Dataset records:
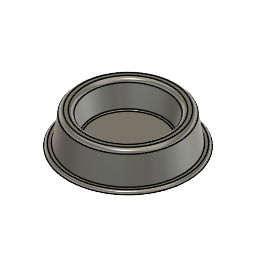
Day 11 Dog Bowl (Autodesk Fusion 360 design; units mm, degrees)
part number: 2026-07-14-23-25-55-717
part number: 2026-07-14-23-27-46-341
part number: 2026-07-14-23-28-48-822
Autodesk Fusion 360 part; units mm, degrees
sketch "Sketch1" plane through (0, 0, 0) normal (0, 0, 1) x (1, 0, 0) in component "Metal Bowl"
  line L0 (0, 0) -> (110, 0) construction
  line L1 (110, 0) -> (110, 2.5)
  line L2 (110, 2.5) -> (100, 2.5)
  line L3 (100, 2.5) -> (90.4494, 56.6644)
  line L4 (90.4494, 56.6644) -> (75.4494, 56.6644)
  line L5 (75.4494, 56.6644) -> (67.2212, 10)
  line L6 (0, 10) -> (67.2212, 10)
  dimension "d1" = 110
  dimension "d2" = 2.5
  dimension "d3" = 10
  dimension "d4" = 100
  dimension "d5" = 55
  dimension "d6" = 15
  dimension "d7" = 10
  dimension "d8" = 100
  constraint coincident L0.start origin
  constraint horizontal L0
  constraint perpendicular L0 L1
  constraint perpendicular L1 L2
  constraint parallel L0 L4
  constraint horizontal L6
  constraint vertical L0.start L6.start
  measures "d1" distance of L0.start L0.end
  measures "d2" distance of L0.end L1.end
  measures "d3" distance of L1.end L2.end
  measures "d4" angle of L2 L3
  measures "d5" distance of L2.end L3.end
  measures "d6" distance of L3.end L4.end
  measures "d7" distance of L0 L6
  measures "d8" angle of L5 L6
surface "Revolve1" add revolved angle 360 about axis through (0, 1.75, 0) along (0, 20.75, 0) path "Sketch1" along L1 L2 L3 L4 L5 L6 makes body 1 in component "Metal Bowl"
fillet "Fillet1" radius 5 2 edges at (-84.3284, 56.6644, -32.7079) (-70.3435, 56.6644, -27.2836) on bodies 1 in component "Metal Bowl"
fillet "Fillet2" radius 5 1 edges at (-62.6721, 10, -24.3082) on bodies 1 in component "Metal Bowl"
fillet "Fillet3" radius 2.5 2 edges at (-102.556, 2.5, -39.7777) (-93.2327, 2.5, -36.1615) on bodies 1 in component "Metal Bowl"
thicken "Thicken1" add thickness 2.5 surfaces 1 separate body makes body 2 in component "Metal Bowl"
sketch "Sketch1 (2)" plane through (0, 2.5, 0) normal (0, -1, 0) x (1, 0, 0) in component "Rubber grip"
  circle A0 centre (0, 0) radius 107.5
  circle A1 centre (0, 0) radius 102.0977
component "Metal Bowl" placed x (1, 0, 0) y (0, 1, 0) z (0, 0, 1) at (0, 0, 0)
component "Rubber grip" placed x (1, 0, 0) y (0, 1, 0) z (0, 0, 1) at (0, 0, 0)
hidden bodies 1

Your assignment:
An exact, complete copy of the lines above from the one with "part number: 2026-07-14-23-27-46-341" through the one with "constraint horizontal L6" is the whole answer.

Finished exercise:
part number: 2026-07-14-23-27-46-341
part number: 2026-07-14-23-28-48-822
Autodesk Fusion 360 part; units mm, degrees
sketch "Sketch1" plane through (0, 0, 0) normal (0, 0, 1) x (1, 0, 0) in component "Metal Bowl"
  line L0 (0, 0) -> (110, 0) construction
  line L1 (110, 0) -> (110, 2.5)
  line L2 (110, 2.5) -> (100, 2.5)
  line L3 (100, 2.5) -> (90.4494, 56.6644)
  line L4 (90.4494, 56.6644) -> (75.4494, 56.6644)
  line L5 (75.4494, 56.6644) -> (67.2212, 10)
  line L6 (0, 10) -> (67.2212, 10)
  dimension "d1" = 110
  dimension "d2" = 2.5
  dimension "d3" = 10
  dimension "d4" = 100
  dimension "d5" = 55
  dimension "d6" = 15
  dimension "d7" = 10
  dimension "d8" = 100
  constraint coincident L0.start origin
  constraint horizontal L0
  constraint perpendicular L0 L1
  constraint perpendicular L1 L2
  constraint parallel L0 L4
  constraint horizontal L6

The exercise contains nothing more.